| TASK DIRECTIONS |
Go through the data from its first line and retype each line, stopping once the line containing "linspace(lambda_range(1), lambda_range(2), lambda_item)" has been retyped.

[SOURCE DATA Boundary: Start]

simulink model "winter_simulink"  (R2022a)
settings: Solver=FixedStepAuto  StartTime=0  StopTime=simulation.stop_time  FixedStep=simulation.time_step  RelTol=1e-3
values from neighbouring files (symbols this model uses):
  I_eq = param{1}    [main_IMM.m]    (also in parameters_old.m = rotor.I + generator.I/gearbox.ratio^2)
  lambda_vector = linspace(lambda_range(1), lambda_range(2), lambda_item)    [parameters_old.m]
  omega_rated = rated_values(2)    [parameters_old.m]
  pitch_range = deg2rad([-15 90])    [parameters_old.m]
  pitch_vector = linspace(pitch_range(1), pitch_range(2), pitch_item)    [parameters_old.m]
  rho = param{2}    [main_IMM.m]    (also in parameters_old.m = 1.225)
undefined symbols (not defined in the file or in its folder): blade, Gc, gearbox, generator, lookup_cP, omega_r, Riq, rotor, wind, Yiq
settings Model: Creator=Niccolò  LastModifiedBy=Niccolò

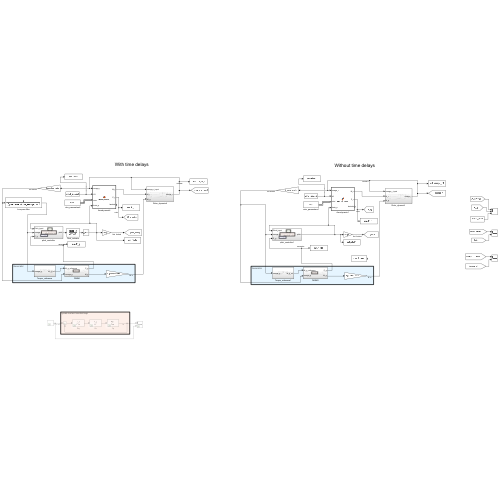
[thumbnail: Simulink's stored preview of the top-level diagram]
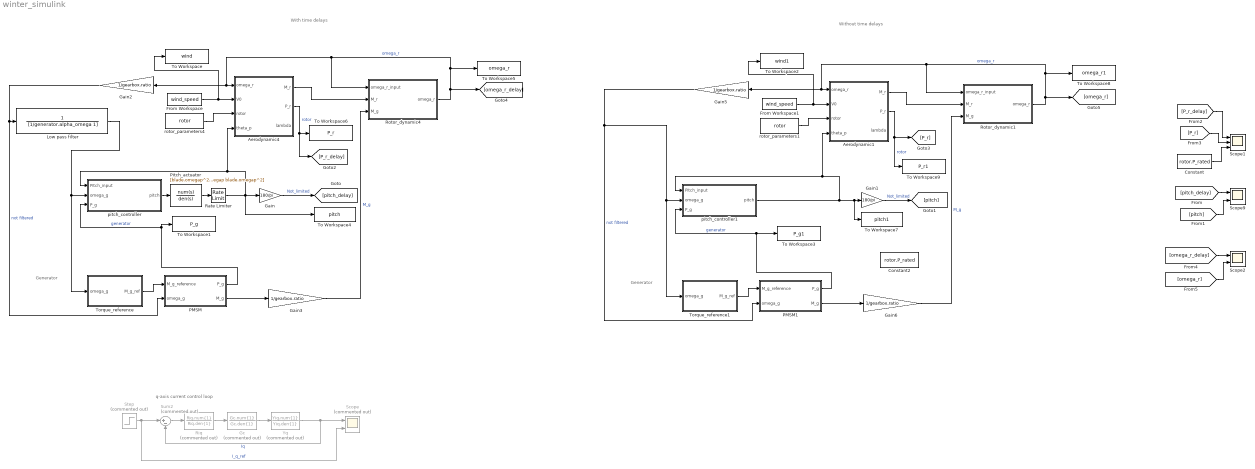
== system winter_simulink ==
  note: Generator
  note: With time delays
  note: q-axis current control loop
  note: Generator
  note: Without time delays
  Aerodynamic1 : MATLAB Function  TreatAsAtomicUnit=on
  Aerodynamic4 : MATLAB Function  TreatAsAtomicUnit=on
  Constant : Constant  Value=rotor.P_rated
  Constant2 : Constant  Value=rotor.P_rated
  From Workspace : FromWorkspace  VariableName=wind_speed  SampleTime=1/wind.sample_f
  From Workspace1 : FromWorkspace  VariableName=wind_speed  SampleTime=1/wind.sample_f
  Gain : Gain  Gain=180/pi
  Gain1 : Gain  Gain=180/pi
  Gain{2..3,5..6} (4 alike) : Gain  Gain=1/gearbox.ratio
  Gc : TransferFcn  Commented=on  Numerator=Gc.num{1}  Denominator=Gc.den{1}
  Low pass filter : TransferFcn  Denominator=[1/generator.alpha_omega 1]
  PMSM : Subsystem
  PMSM1 : Subsystem
  Pitch_actuator : TransferFcn  Numerator=[blade.omegap^2]  Denominator=[1 2*blade.zetap*blade.omegap blade.omegap^2]
  Rate Limiter : RateLimiter  RisingSlewLimit=blade.pitch_rate  FallingSlewLimit=-blade.pitch_rate  SampleTimeMode=inherited
  Riq : TransferFcn  Commented=on  Numerator=Riq.num{1}  Denominator=Riq.den{1}
  Rotor_dynamic1 : Subsystem
  Rotor_dynamic4 : Subsystem
  Scope : Scope  Commented=on  NumInputPorts=2
  Scope1 : Scope  NumInputPorts=3
  Scope2 : Scope  NumInputPorts=2
  Scope9 : Scope  NumInputPorts=2
  Step : Step  Commented=on  SampleTime=0
  Sum2 : Sum  Commented=on  Inputs=|+-
  To Workspace : ToWorkspace  VariableName=wind  SaveFormat=Timeseries  SampleTime=-1
  To Workspace1 : ToWorkspace  VariableName=P_g  SaveFormat=Timeseries  SampleTime=-1
  To Workspace2 : ToWorkspace  VariableName=wind1  SaveFormat=Timeseries  SampleTime=-1
  To Workspace3 : ToWorkspace  VariableName=P_g1  SaveFormat=Timeseries  SampleTime=-1
  To Workspace4 : ToWorkspace  VariableName=pitch  SaveFormat=Timeseries  SampleTime=-1
  To Workspace5 : ToWorkspace  VariableName=omega_r  SaveFormat=Timeseries  SampleTime=-1
  To Workspace6 : ToWorkspace  VariableName=P_r  SaveFormat=Timeseries  SampleTime=-1
  To Workspace7 : ToWorkspace  VariableName=pitch1  SaveFormat=Timeseries  SampleTime=-1
  To Workspace8 : ToWorkspace  VariableName=omega_r1  SaveFormat=Timeseries  SampleTime=-1
  To Workspace9 : ToWorkspace  VariableName=P_r1  SaveFormat=Timeseries  SampleTime=-1
  Torque_reference : Subsystem
  Torque_reference1 : Subsystem
  Yq : TransferFcn  Commented=on  Numerator=Yiq.num{1}  Denominator=Yiq.den{1}
  pitch_controller : Subsystem
  pitch_controller1 : Subsystem
  rotor_parameters1 : Constant  Value=rotor  OutDataTypeStr=Bus: rotor_bus
  rotor_parameters4 : Constant  Value=rotor  OutDataTypeStr=Bus: rotor_bus
  wires:
  Aerodynamic4/1(M_r) -> Rotor_dynamic4/2(M_r)
  From Workspace/1 -> To Workspace/1, Aerodynamic4/2(V0)
  rotor_parameters4/1 -> Aerodynamic4/3(rotor)
  Gain2/1 -> PMSM/2(omega_g), Low pass filter/1  "not filtered"
  Rotor_dynamic4/1(omega_r) -> [omega_r_delay], Rotor_dynamic4/1(omega_r_input), Gain2/1, Aerodynamic4/1(omega_r), To Workspace5/1  "omega_r"
  Aerodynamic4/2(P_r) -> [P_r_delay], To Workspace6/1  "rotor"
  Gain/1 -> [pitch_delay]  "Not_limited"
  PMSM/1(P_g) -> To Workspace1/1, pitch_controller/3(P_g)  "generator"
  Torque_reference/1(M_g_ref) -> PMSM/1(M_g_reference)
  pitch_controller/1(pitch) -> Pitch_actuator/1
  PMSM/2(M_g) -> Gain3/1
  Gain3/1 -> Rotor_dynamic4/3(M_g)  "M_g"
  Step/1 -> Scope/2, Sum2/1  "I_q_ref"
  Gc/1 -> Yq/1
  Riq/1 -> Gc/1
  Yq/1 -> Scope/1, Sum2/2  "Iq"
  Sum2/1 -> Riq/1
  Low pass filter/1 -> Torque_reference/1(omega_g), pitch_controller/2(omega_g)
  Pitch_actuator/1 -> Rate Limiter/1
  Rate Limiter/1 -> Aerodynamic4/4(theta_p), pitch_controller/1(Pitch_input), Gain/1, To Workspace4/1
  pitch_controller1/1(pitch) -> To Workspace7/1, Gain1/1, Aerodynamic1/4(theta_p), pitch_controller1/1(Pitch_input)
  PMSM1/2(M_g) -> Gain6/1
  PMSM1/1(P_g) -> pitch_controller1/3(P_g), To Workspace3/1  "generator"
  Gain6/1 -> Rotor_dynamic1/3(M_g)  "M_g"
  Torque_reference1/1(M_g_ref) -> PMSM1/1(M_g_reference)
  rotor_parameters1/1 -> Aerodynamic1/3(rotor)
  Gain1/1 -> [pitch]  "Not_limited"
  Gain5/1 -> Torque_reference1/1(omega_g), pitch_controller1/2(omega_g), PMSM1/2(omega_g)  "not filtered"
  Aerodynamic1/2(P_r) -> [P_r], To Workspace9/1  "rotor"
  Rotor_dynamic1/1(omega_r) -> [omega_r], Rotor_dynamic1/1(omega_r_input), Gain5/1, Aerodynamic1/1(omega_r), To Workspace8/1  "omega_r"
  From Workspace1/1 -> To Workspace2/1, Aerodynamic1/2(V0)
  Aerodynamic1/1(M_r) -> Rotor_dynamic1/2(M_r)
  [pitch_delay] -> Scope9/1
  [pitch] -> Scope9/2
  [P_r_delay] -> Scope1/1
  [P_r] -> Scope1/2
  Constant/1 -> Scope1/3
  [omega_r_delay] -> Scope2/1
  [omega_r] -> Scope2/2

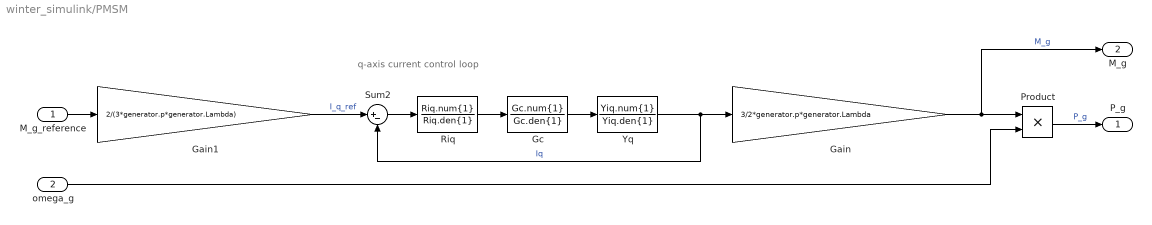
== system winter_simulink/PMSM ==
  note: q-axis current control loop
  M_g_reference : Inport
  omega_g : Inport  Port=2
  Gain : Gain  Gain=3/2*generator.p*generator.Lambda
  Gain1 : Gain  Gain=2/(3*generator.p*generator.Lambda)
  Gc : TransferFcn  Numerator=Gc.num{1}  Denominator=Gc.den{1}
  Product : Product
  Riq : TransferFcn  Numerator=Riq.num{1}  Denominator=Riq.den{1}
  Sum2 : Sum  Inputs=|+-
  Yq : TransferFcn  Numerator=Yiq.num{1}  Denominator=Yiq.den{1}
  P_g : Outport
  M_g : Outport  Port=2
  wires:
  Gc/1 -> Yq/1
  M_g_reference/1 -> Gain1/1
  Gain/1 -> M_g/1, Product/1  "M_g"
  Riq/1 -> Gc/1
  Sum2/1 -> Riq/1
  Yq/1 -> Gain/1, Sum2/2  "Iq"
  Product/1 -> P_g/1  "P_g"
  omega_g/1 -> Product/2
  Gain1/1 -> Sum2/1  "I_q_ref"

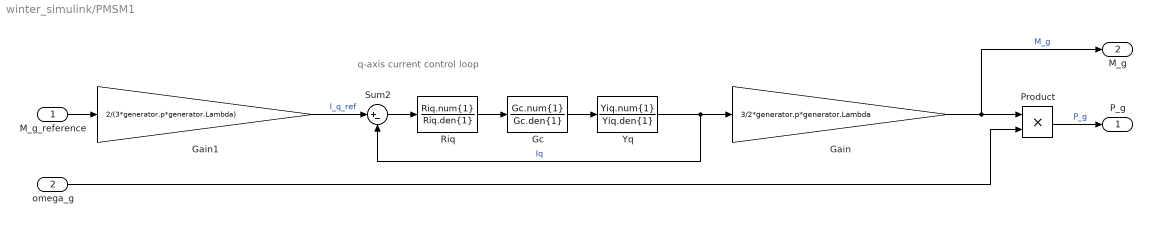
== system winter_simulink/PMSM1 ==
  note: q-axis current control loop
  M_g_reference : Inport
  omega_g : Inport  Port=2
  Gain : Gain  Gain=3/2*generator.p*generator.Lambda
  Gain1 : Gain  Gain=2/(3*generator.p*generator.Lambda)
  Gc : TransferFcn  Numerator=Gc.num{1}  Denominator=Gc.den{1}
  Product : Product
  Riq : TransferFcn  Numerator=Riq.num{1}  Denominator=Riq.den{1}
  Sum2 : Sum  Inputs=|+-
  Yq : TransferFcn  Numerator=Yiq.num{1}  Denominator=Yiq.den{1}
  P_g : Outport
  M_g : Outport  Port=2
  wires:
  Gc/1 -> Yq/1
  M_g_reference/1 -> Gain1/1
  Gain/1 -> M_g/1, Product/1  "M_g"
  Riq/1 -> Gc/1
  Sum2/1 -> Riq/1
  Yq/1 -> Gain/1, Sum2/2  "Iq"
  Product/1 -> P_g/1  "P_g"
  omega_g/1 -> Product/2
  Gain1/1 -> Sum2/1  "I_q_ref"

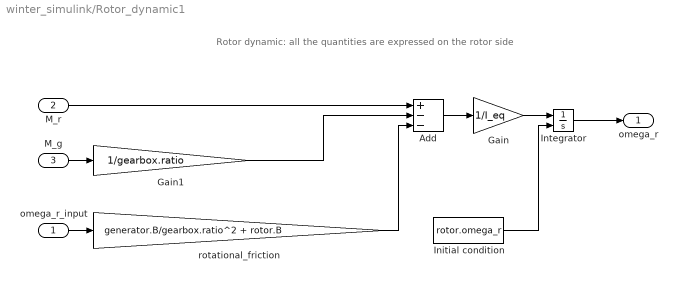
== system winter_simulink/Rotor_dynamic1 ==
  note: Rotor dynamic: all the quantities are expressed on the rotor side
  omega_r_input : Inport
  M_r : Inport  Port=2
  M_g : Inport  Port=3
  Add : Sum  Inputs=+--
  Gain : Gain  Gain=1/I_eq
  Gain1 : Gain  Gain=1/gearbox.ratio
  Initial condition : Constant  Value=rotor.omega_r
  Integrator : Integrator  InitialConditionSource=external  InitialCondition=omega_r
  rotational_friction : Gain  Gain=generator.B/gearbox.ratio^2 + rotor.B
  omega_r : Outport
  wires:
  Add/1 -> Gain/1
  Gain/1 -> Integrator/1
  M_r/1 -> Add/1
  Initial condition/1 -> Integrator/2
  omega_r_input/1 -> rotational_friction/1
  rotational_friction/1 -> Add/3
  M_g/1 -> Gain1/1
  Gain1/1 -> Add/2
  Integrator/1 -> omega_r/1

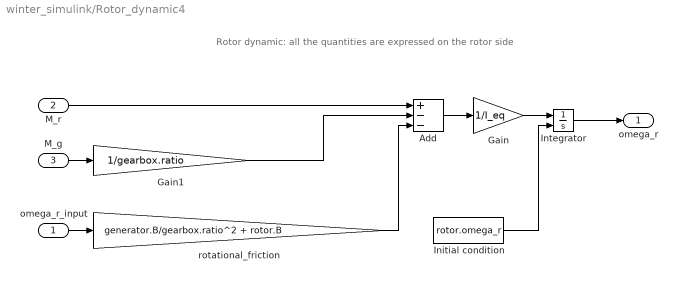
== system winter_simulink/Rotor_dynamic4 ==
  note: Rotor dynamic: all the quantities are expressed on the rotor side
  omega_r_input : Inport
  M_r : Inport  Port=2
  M_g : Inport  Port=3
  Add : Sum  Inputs=+--
  Gain : Gain  Gain=1/I_eq
  Gain1 : Gain  Gain=1/gearbox.ratio
  Initial condition : Constant  Value=rotor.omega_r
  Integrator : Integrator  InitialConditionSource=external  InitialCondition=omega_r
  rotational_friction : Gain  Gain=generator.B/gearbox.ratio^2 + rotor.B
  omega_r : Outport
  wires:
  Add/1 -> Gain/1
  Gain/1 -> Integrator/1
  M_r/1 -> Add/1
  Initial condition/1 -> Integrator/2
  omega_r_input/1 -> rotational_friction/1
  rotational_friction/1 -> Add/3
  M_g/1 -> Gain1/1
  Gain1/1 -> Add/2
  Integrator/1 -> omega_r/1

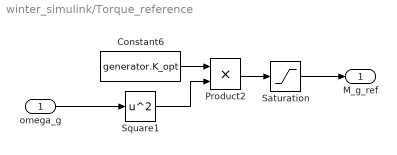
== system winter_simulink/Torque_reference ==
  omega_g : Inport
  Constant6 : Constant  Value=generator.K_opt
  Product2 : Product
  Saturation : Saturate  UpperLimit=rotor.P_rated*gearbox.ratio/omega_rated  LowerLimit=0
  Square1 : Math  Operator=square
  M_g_ref : Outport
  wires:
  Product2/1 -> Saturation/1
  omega_g/1 -> Square1/1
  Square1/1 -> Product2/2
  Constant6/1 -> Product2/1
  Saturation/1 -> M_g_ref/1

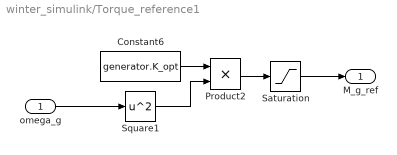
== system winter_simulink/Torque_reference1 ==
  omega_g : Inport
  Constant6 : Constant  Value=generator.K_opt
  Product2 : Product
  Saturation : Saturate  UpperLimit=rotor.P_rated*gearbox.ratio/omega_rated  LowerLimit=0
  Square1 : Math  Operator=square
  M_g_ref : Outport
  wires:
  Product2/1 -> Saturation/1
  omega_g/1 -> Square1/1
  Square1/1 -> Product2/2
  Constant6/1 -> Product2/1
  Saturation/1 -> M_g_ref/1

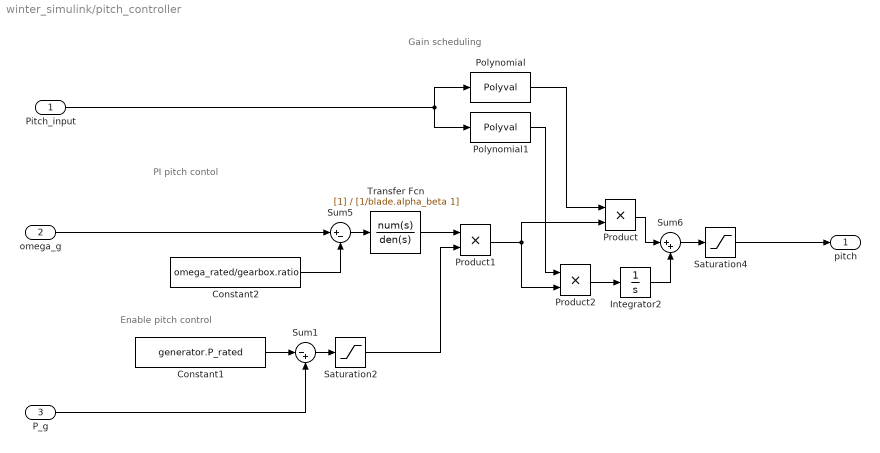
== system winter_simulink/pitch_controller ==
  note: Gain scheduling
  note: Enable pitch control
  note: PI pitch contol
  Pitch_input : Inport
  omega_g : Inport  Port=2
  P_g : Inport  Port=3
  Constant1 : Constant  Value=generator.P_rated
  Constant2 : Constant  Value=omega_rated/gearbox.ratio
  Integrator2 : Integrator
  Polynomial : Polyval  Coefs=blade.kp_schedule
  Polynomial1 : Polyval  Coefs=blade.ki_schedule
  Product : Product
  Product1 : Product
  Product2 : Product
  Saturation2 : Saturate  UpperLimit=1  LowerLimit=0
  Saturation4 : Saturate  UpperLimit=pitch_range(2)  LowerLimit=pitch_range(1)
  Sum1 : Sum  Inputs=|-+
  Sum5 : Sum  Inputs=|+-
  Sum6 : Sum  Inputs=|++
  Transfer Fcn : TransferFcn  Denominator=[1/blade.alpha_beta 1]
  pitch : Outport
  wires:
  Saturation4/1 -> pitch/1
  omega_g/1 -> Sum5/1
  Sum1/1 -> Saturation2/1
  P_g/1 -> Sum1/2
  Sum6/1 -> Saturation4/1
  Product/1 -> Sum6/1
  Product2/1 -> Integrator2/1
  Product1/1 -> Product2/2, Product/2
  Constant2/1 -> Sum5/2
  Constant1/1 -> Sum1/1
  Saturation2/1 -> Product1/2
  Sum5/1 -> Transfer Fcn/1
  Polynomial/1 -> Product/1
  Pitch_input/1 -> Polynomial/1, Polynomial1/1
  Integrator2/1 -> Sum6/2
  Transfer Fcn/1 -> Product1/1
  Polynomial1/1 -> Product2/1

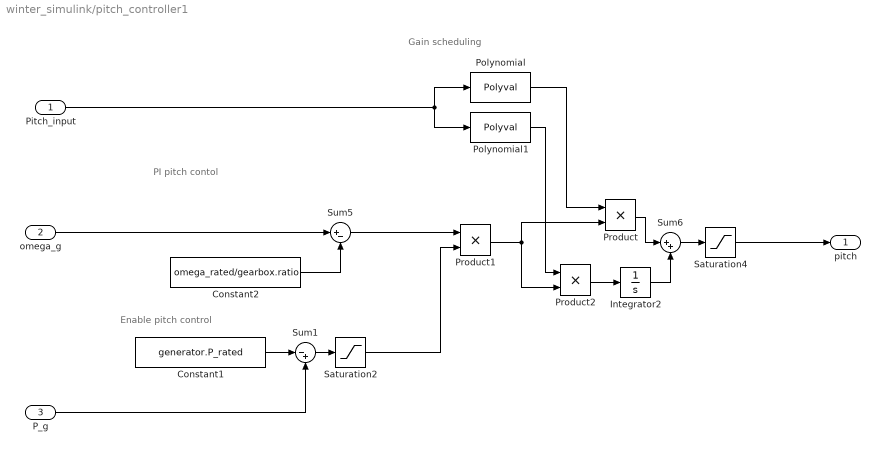
== system winter_simulink/pitch_controller1 ==
  note: Gain scheduling
  note: Enable pitch control
  note: PI pitch contol
  Pitch_input : Inport
  omega_g : Inport  Port=2
  P_g : Inport  Port=3
  Constant1 : Constant  Value=generator.P_rated
  Constant2 : Constant  Value=omega_rated/gearbox.ratio
  Integrator2 : Integrator
  Polynomial : Polyval  Coefs=blade.kp_schedule
  Polynomial1 : Polyval  Coefs=blade.ki_schedule
  Product : Product
  Product1 : Product
  Product2 : Product
  Saturation2 : Saturate  UpperLimit=1  LowerLimit=0
  Saturation4 : Saturate  UpperLimit=pitch_range(2)  LowerLimit=pitch_range(1)
  Sum1 : Sum  Inputs=|-+
  Sum5 : Sum  Inputs=|+-
  Sum6 : Sum  Inputs=|++
  pitch : Outport
  wires:
  Saturation4/1 -> pitch/1
  omega_g/1 -> Sum5/1
  Sum1/1 -> Saturation2/1
  P_g/1 -> Sum1/2
  Sum6/1 -> Saturation4/1
  Product/1 -> Sum6/1
  Product2/1 -> Integrator2/1
  Product1/1 -> Product2/2, Product/2
  Constant2/1 -> Sum5/2
  Constant1/1 -> Sum1/1
  Saturation2/1 -> Product1/2
  Polynomial/1 -> Product/1
  Pitch_input/1 -> Polynomial/1, Polynomial1/1
  Integrator2/1 -> Sum6/2
  Sum5/1 -> Product1/1
  Polynomial1/1 -> Product2/1

== matlab function winter_simulink/Aerodynamic4 ==
  data: omega_r input; V0 input; M_r output; P_r output; rho parameter; rotor input; theta_p input; lambda_vector parameter; pitch_vector parameter; lookup_cP parameter; lambda output
function [M_r, P_r, lambda] = Aerodynamic(omega_r, V0, rho, rotor, ...
  theta_p, lambda_vector, pitch_vector, lookup_cP) 

R = rotor.R;                  % rotor radius [m]

% retrive the cP from the look-up table
lambda = omega_r*R/V0;                                                
cP = interp2(lambda_vector, pitch_vector, lookup_cP, lambda, theta_p);

P_r = 0.5*rho*V0^3*pi*R^2*cP; % rotor power [W]
M_r = P_r/omega_r;            % rotor torque [Nm]

== matlab function winter_simulink/Aerodynamic1 ==
  data: omega_r input; V0 input; M_r output; P_r output; rho parameter; rotor input; theta_p input; lambda_vector parameter; pitch_vector parameter; lookup_cP parameter; lambda output
function [M_r, P_r, lambda] = Aerodynamic(omega_r, V0, rho, rotor, ...
  theta_p, lambda_vector, pitch_vector, lookup_cP) 

R = rotor.R;                  % rotor radius [m]

% retrive the cP from the look-up table
lambda = omega_r*R/V0;                                                
cP = interp2(lambda_vector, pitch_vector, lookup_cP, lambda, theta_p);

P_r = 0.5*rho*V0^3*pi*R^2*cP; % rotor power [W]
M_r = P_r/omega_r;            % rotor torque [Nm]

[SOURCE DATA Boundary: End]

| SOLUTION FOR THIS TASK |
simulink model "winter_simulink"  (R2022a)
settings: Solver=FixedStepAuto  StartTime=0  StopTime=simulation.stop_time  FixedStep=simulation.time_step  RelTol=1e-3
values from neighbouring files (symbols this model uses):
  I_eq = param{1}    [main_IMM.m]    (also in parameters_old.m = rotor.I + generator.I/gearbox.ratio^2)
  lambda_vector = linspace(lambda_range(1), lambda_range(2), lambda_item)    [parameters_old.m]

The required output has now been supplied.